:: SOURCE DATA ::
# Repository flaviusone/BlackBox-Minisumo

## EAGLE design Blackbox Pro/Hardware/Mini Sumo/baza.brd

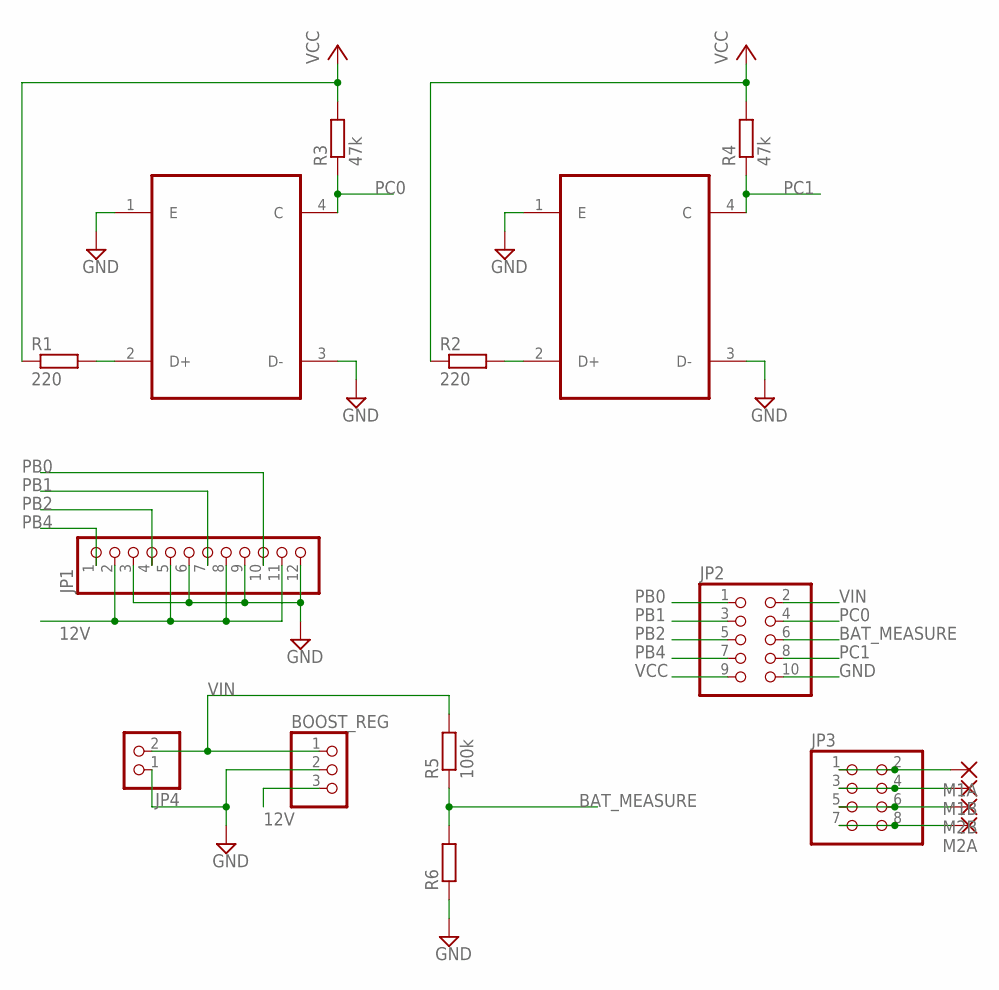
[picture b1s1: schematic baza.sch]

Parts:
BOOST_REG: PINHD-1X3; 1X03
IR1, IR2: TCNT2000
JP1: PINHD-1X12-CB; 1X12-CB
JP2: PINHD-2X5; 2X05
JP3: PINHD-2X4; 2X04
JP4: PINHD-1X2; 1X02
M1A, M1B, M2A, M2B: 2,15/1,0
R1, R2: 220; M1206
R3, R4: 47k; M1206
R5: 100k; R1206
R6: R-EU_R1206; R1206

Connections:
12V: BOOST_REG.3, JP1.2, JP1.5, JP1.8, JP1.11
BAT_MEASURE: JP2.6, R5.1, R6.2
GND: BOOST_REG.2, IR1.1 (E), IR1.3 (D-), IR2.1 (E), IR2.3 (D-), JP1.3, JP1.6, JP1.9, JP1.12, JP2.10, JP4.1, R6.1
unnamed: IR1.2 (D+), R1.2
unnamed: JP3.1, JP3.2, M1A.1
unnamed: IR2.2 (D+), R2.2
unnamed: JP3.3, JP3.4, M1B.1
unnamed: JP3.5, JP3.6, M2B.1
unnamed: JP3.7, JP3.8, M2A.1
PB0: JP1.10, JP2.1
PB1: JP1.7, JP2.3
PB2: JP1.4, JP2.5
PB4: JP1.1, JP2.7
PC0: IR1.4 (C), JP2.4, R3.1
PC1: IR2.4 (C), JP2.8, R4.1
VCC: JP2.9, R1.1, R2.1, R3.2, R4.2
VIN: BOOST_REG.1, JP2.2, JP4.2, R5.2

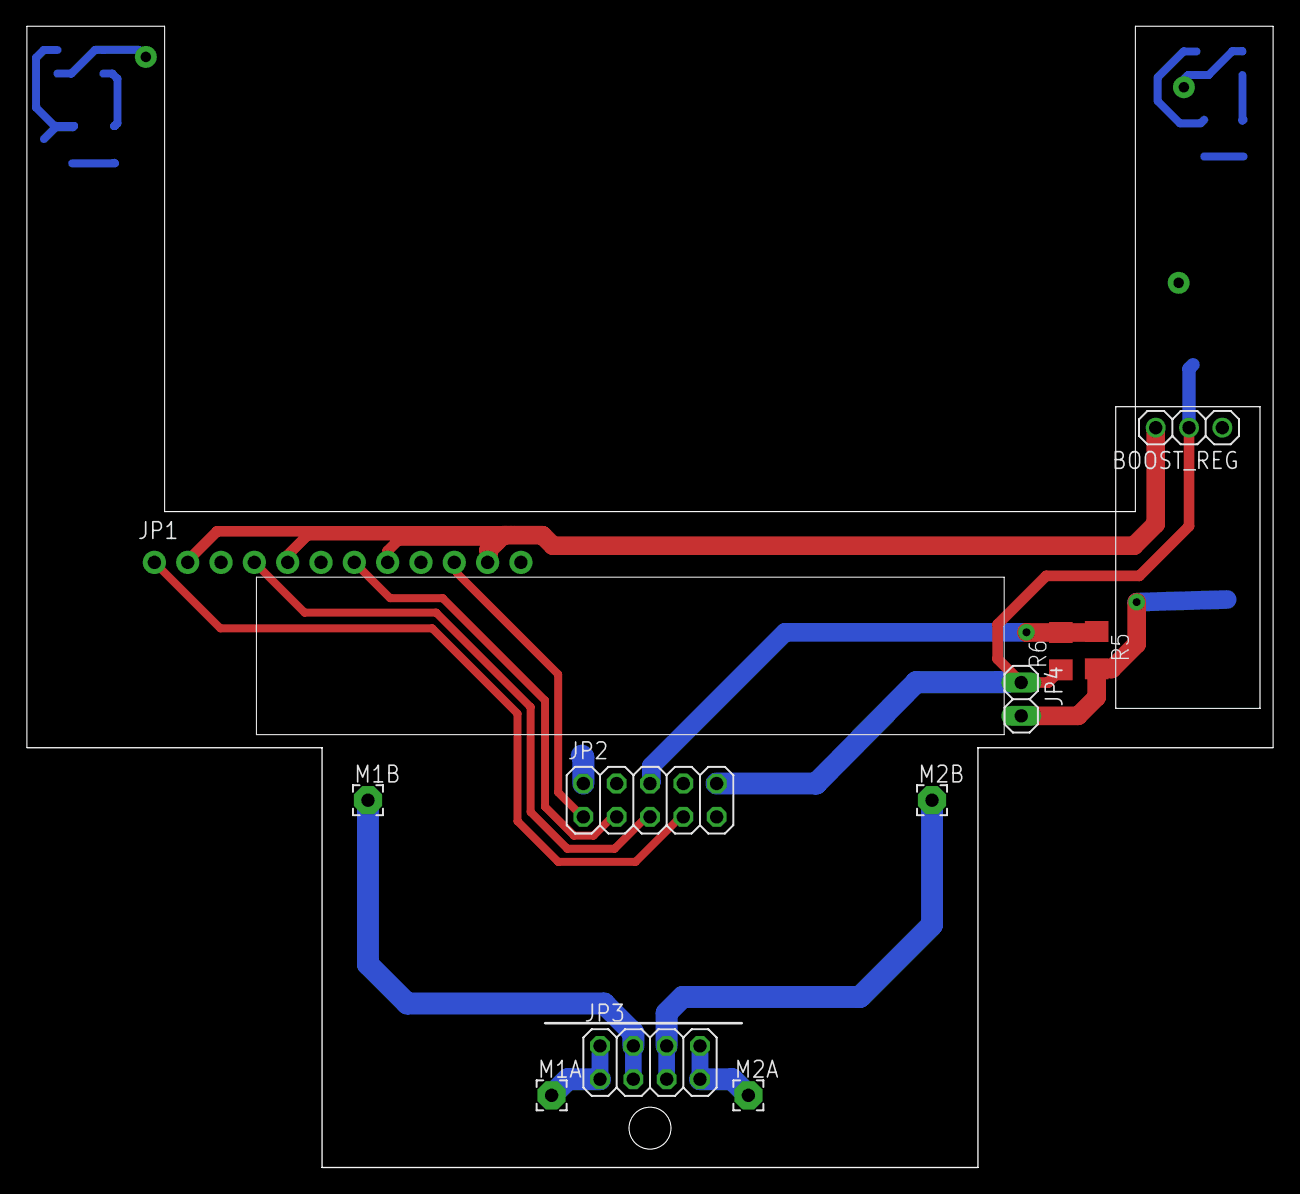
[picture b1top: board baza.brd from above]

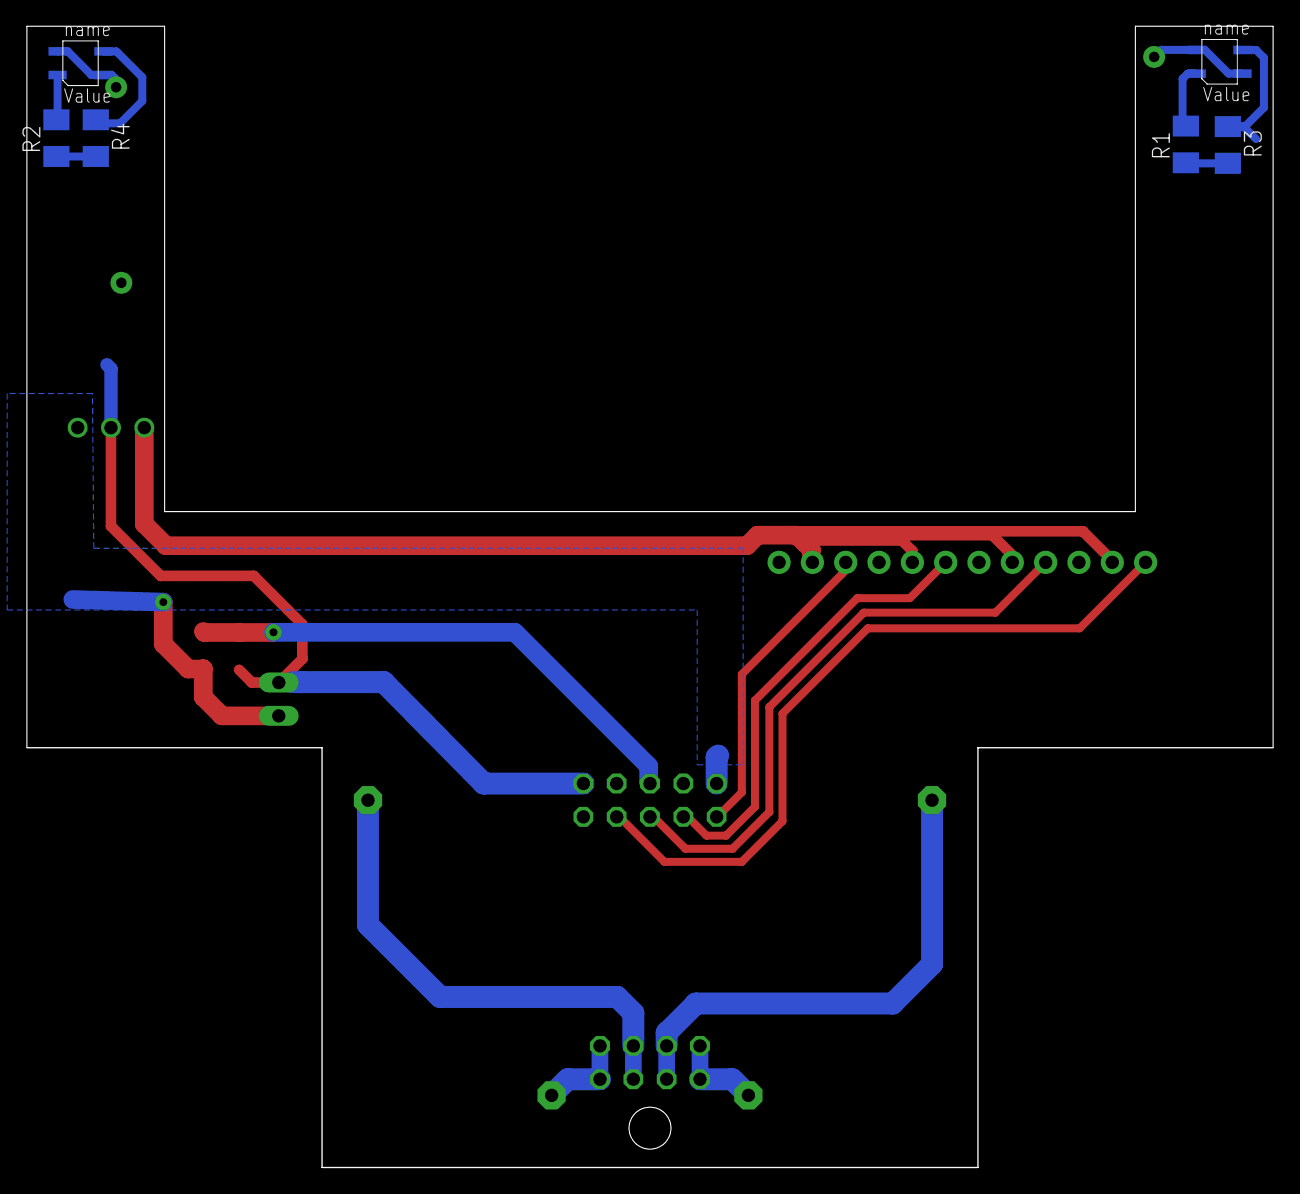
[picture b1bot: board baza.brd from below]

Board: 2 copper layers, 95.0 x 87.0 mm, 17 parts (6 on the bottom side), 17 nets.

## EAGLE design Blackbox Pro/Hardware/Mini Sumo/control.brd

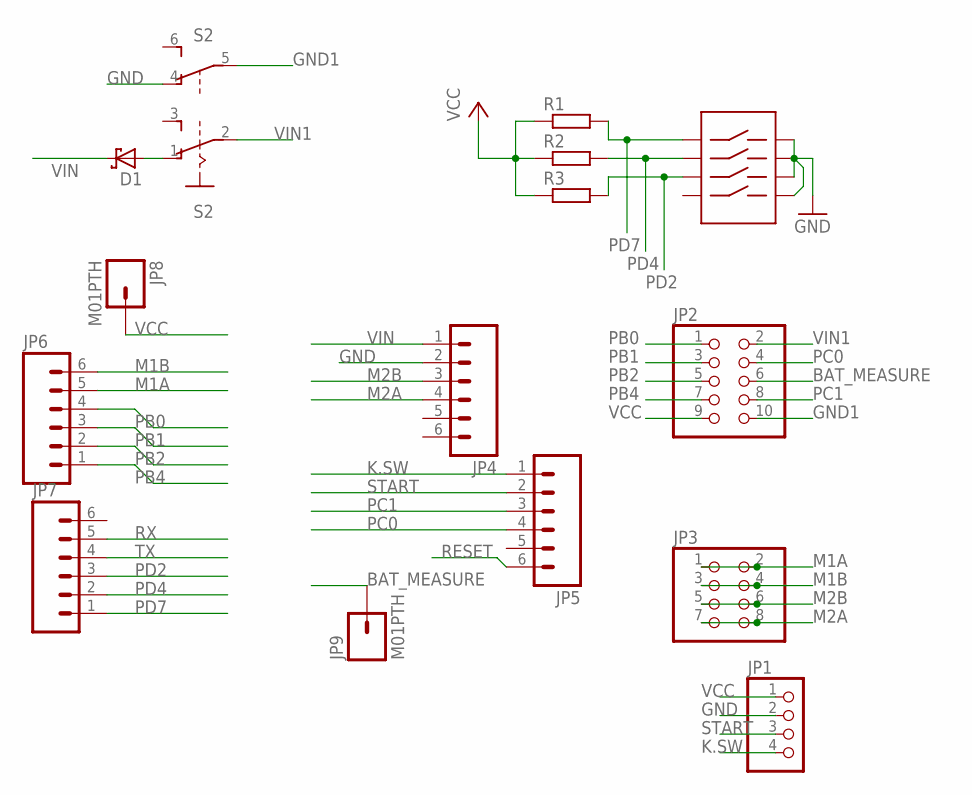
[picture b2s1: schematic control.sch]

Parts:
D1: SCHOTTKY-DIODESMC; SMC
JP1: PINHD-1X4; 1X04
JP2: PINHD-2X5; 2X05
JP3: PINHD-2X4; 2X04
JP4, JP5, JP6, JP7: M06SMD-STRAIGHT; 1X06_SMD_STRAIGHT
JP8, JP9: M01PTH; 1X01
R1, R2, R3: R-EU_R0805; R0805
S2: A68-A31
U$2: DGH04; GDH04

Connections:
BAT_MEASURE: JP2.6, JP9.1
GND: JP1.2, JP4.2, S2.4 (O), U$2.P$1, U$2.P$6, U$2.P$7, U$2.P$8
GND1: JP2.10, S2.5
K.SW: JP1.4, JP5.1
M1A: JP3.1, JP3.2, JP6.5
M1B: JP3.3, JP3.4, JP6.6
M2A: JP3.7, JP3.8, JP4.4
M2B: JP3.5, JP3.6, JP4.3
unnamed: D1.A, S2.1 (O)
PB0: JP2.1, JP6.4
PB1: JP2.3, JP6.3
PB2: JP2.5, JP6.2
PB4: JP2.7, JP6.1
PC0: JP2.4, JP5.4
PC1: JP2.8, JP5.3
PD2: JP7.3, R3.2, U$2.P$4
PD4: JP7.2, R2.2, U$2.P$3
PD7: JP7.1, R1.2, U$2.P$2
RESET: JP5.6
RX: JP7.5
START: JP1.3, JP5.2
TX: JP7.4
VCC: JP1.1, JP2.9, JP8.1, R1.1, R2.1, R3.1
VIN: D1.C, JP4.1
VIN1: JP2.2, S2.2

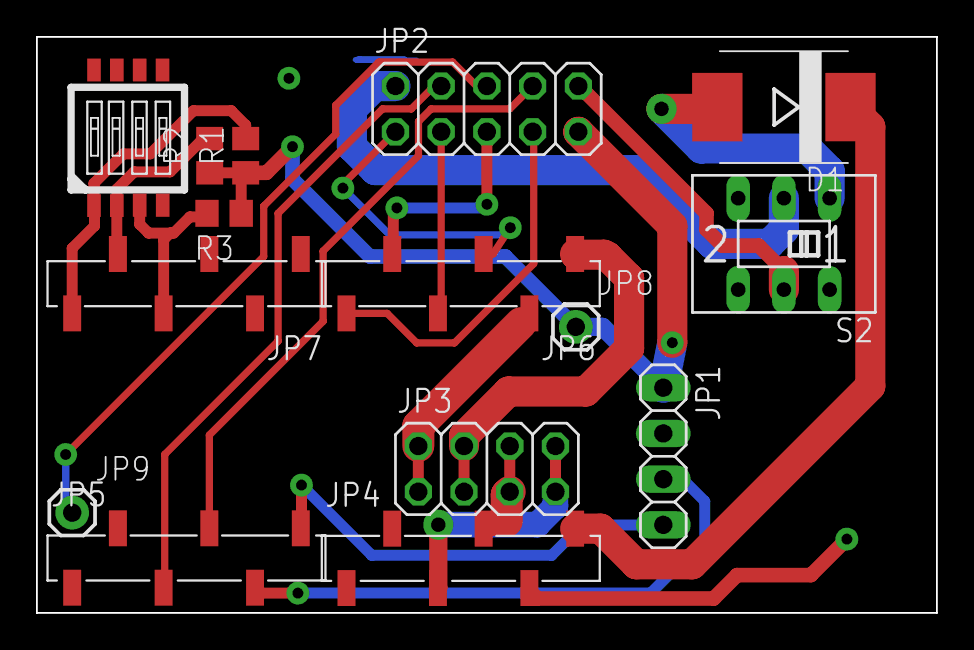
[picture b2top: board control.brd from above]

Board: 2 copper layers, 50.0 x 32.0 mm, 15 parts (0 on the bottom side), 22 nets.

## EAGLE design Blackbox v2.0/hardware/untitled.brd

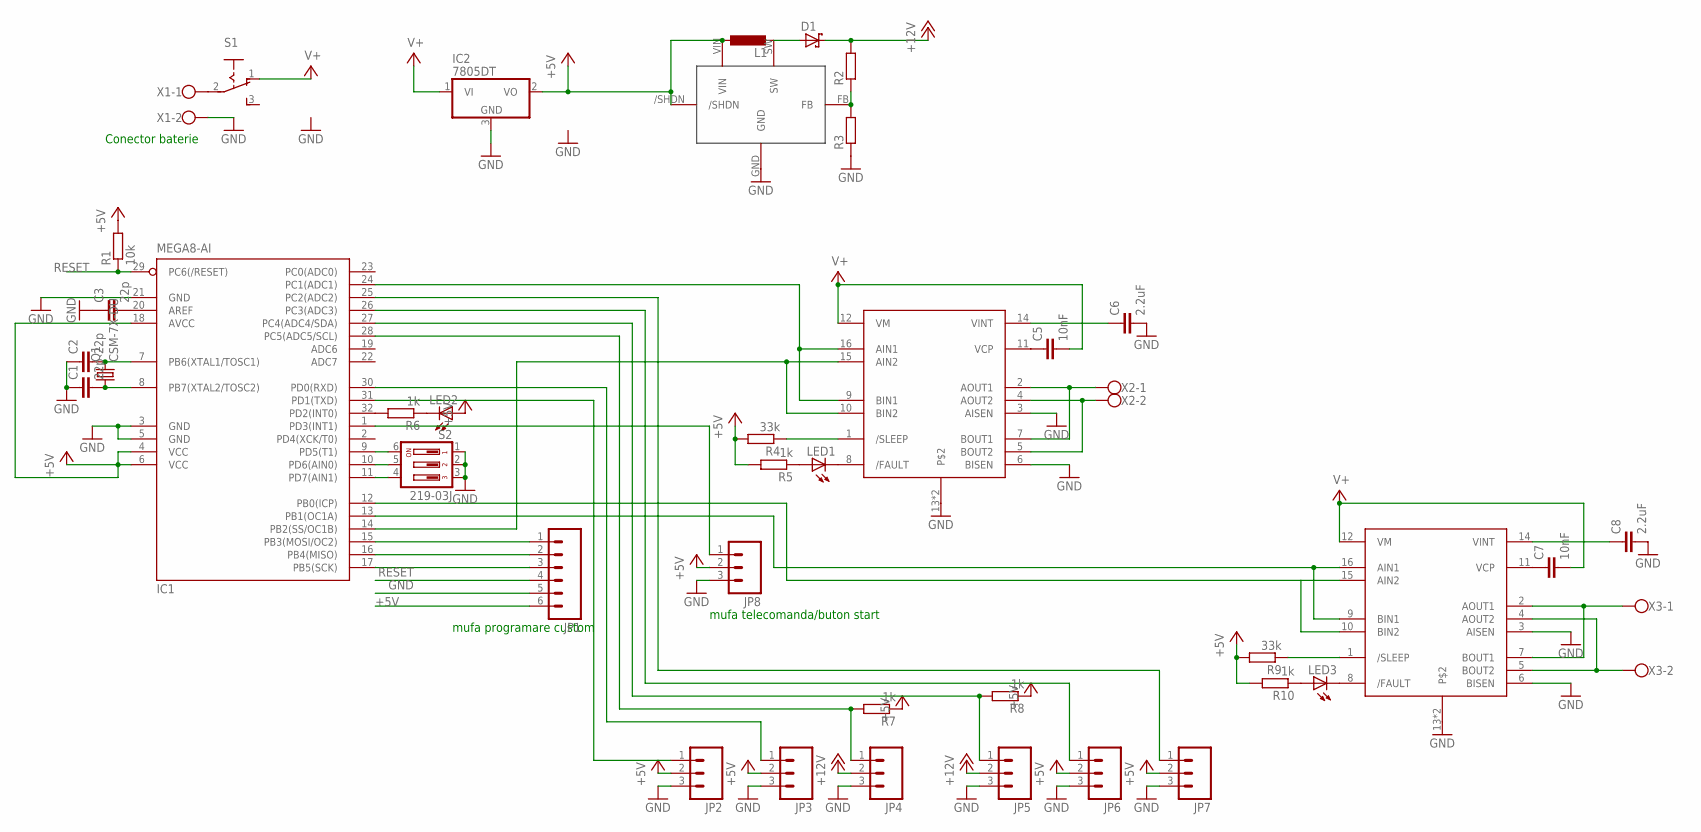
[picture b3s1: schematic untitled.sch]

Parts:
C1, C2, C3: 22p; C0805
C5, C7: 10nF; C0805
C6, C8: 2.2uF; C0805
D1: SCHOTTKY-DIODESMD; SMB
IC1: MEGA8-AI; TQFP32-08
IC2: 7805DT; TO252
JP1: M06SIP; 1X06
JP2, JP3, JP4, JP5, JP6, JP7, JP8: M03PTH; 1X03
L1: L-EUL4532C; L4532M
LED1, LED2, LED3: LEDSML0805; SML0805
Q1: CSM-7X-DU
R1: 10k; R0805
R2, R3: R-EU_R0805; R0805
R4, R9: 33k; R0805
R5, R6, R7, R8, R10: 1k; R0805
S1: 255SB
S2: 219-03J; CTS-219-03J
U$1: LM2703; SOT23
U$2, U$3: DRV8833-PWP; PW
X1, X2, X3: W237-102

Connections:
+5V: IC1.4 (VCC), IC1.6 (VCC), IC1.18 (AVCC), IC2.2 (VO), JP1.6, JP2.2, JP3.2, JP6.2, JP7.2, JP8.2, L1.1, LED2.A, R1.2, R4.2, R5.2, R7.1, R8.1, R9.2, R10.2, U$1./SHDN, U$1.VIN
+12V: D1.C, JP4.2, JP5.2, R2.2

:: WHAT YOU WILL DO ::
Drop the pictures, then write out everything else in the records exactly.

:: EXPECTED ANSWER ::
# Repository flaviusone/BlackBox-Minisumo

## EAGLE design Blackbox Pro/Hardware/Mini Sumo/baza.brd

[picture b1s1: schematic baza.sch]

Parts:
BOOST_REG: PINHD-1X3; 1X03
IR1, IR2: TCNT2000
JP1: PINHD-1X12-CB; 1X12-CB
JP2: PINHD-2X5; 2X05
JP3: PINHD-2X4; 2X04
JP4: PINHD-1X2; 1X02
M1A, M1B, M2A, M2B: 2,15/1,0
R1, R2: 220; M1206
R3, R4: 47k; M1206
R5: 100k; R1206
R6: R-EU_R1206; R1206

Connections:
12V: BOOST_REG.3, JP1.2, JP1.5, JP1.8, JP1.11
BAT_MEASURE: JP2.6, R5.1, R6.2
GND: BOOST_REG.2, IR1.1 (E), IR1.3 (D-), IR2.1 (E), IR2.3 (D-), JP1.3, JP1.6, JP1.9, JP1.12, JP2.10, JP4.1, R6.1
unnamed: IR1.2 (D+), R1.2
unnamed: JP3.1, JP3.2, M1A.1
unnamed: IR2.2 (D+), R2.2
unnamed: JP3.3, JP3.4, M1B.1
unnamed: JP3.5, JP3.6, M2B.1
unnamed: JP3.7, JP3.8, M2A.1
PB0: JP1.10, JP2.1
PB1: JP1.7, JP2.3
PB2: JP1.4, JP2.5
PB4: JP1.1, JP2.7
PC0: IR1.4 (C), JP2.4, R3.1
PC1: IR2.4 (C), JP2.8, R4.1
VCC: JP2.9, R1.1, R2.1, R3.2, R4.2
VIN: BOOST_REG.1, JP2.2, JP4.2, R5.2

[picture b1top: board baza.brd from above]

[picture b1bot: board baza.brd from below]

Board: 2 copper layers, 95.0 x 87.0 mm, 17 parts (6 on the bottom side), 17 nets.

## EAGLE design Blackbox Pro/Hardware/Mini Sumo/control.brd

[picture b2s1: schematic control.sch]

Parts:
D1: SCHOTTKY-DIODESMC; SMC
JP1: PINHD-1X4; 1X04
JP2: PINHD-2X5; 2X05
JP3: PINHD-2X4; 2X04
JP4, JP5, JP6, JP7: M06SMD-STRAIGHT; 1X06_SMD_STRAIGHT
JP8, JP9: M01PTH; 1X01
R1, R2, R3: R-EU_R0805; R0805
S2: A68-A31
U$2: DGH04; GDH04

Connections:
BAT_MEASURE: JP2.6, JP9.1
GND: JP1.2, JP4.2, S2.4 (O), U$2.P$1, U$2.P$6, U$2.P$7, U$2.P$8
GND1: JP2.10, S2.5
K.SW: JP1.4, JP5.1
M1A: JP3.1, JP3.2, JP6.5
M1B: JP3.3, JP3.4, JP6.6
M2A: JP3.7, JP3.8, JP4.4
M2B: JP3.5, JP3.6, JP4.3
unnamed: D1.A, S2.1 (O)
PB0: JP2.1, JP6.4
PB1: JP2.3, JP6.3
PB2: JP2.5, JP6.2
PB4: JP2.7, JP6.1
PC0: JP2.4, JP5.4
PC1: JP2.8, JP5.3
PD2: JP7.3, R3.2, U$2.P$4
PD4: JP7.2, R2.2, U$2.P$3
PD7: JP7.1, R1.2, U$2.P$2
RESET: JP5.6
RX: JP7.5
START: JP1.3, JP5.2
TX: JP7.4
VCC: JP1.1, JP2.9, JP8.1, R1.1, R2.1, R3.1
VIN: D1.C, JP4.1
VIN1: JP2.2, S2.2

[picture b2top: board control.brd from above]

Board: 2 copper layers, 50.0 x 32.0 mm, 15 parts (0 on the bottom side), 22 nets.

## EAGLE design Blackbox v2.0/hardware/untitled.brd

[picture b3s1: schematic untitled.sch]

Parts:
C1, C2, C3: 22p; C0805
C5, C7: 10nF; C0805
C6, C8: 2.2uF; C0805
D1: SCHOTTKY-DIODESMD; SMB
IC1: MEGA8-AI; TQFP32-08
IC2: 7805DT; TO252
JP1: M06SIP; 1X06
JP2, JP3, JP4, JP5, JP6, JP7, JP8: M03PTH; 1X03
L1: L-EUL4532C; L4532M
LED1, LED2, LED3: LEDSML0805; SML0805
Q1: CSM-7X-DU
R1: 10k; R0805
R2, R3: R-EU_R0805; R0805
R4, R9: 33k; R0805
R5, R6, R7, R8, R10: 1k; R0805
S1: 255SB
S2: 219-03J; CTS-219-03J
U$1: LM2703; SOT23
U$2, U$3: DRV8833-PWP; PW
X1, X2, X3: W237-102

Connections:
+5V: IC1.4 (VCC), IC1.6 (VCC), IC1.18 (AVCC), IC2.2 (VO), JP1.6, JP2.2, JP3.2, JP6.2, JP7.2, JP8.2, L1.1, LED2.A, R1.2, R4.2, R5.2, R7.1, R8.1, R9.2, R10.2, U$1./SHDN, U$1.VIN
+12V: D1.C, JP4.2, JP5.2, R2.2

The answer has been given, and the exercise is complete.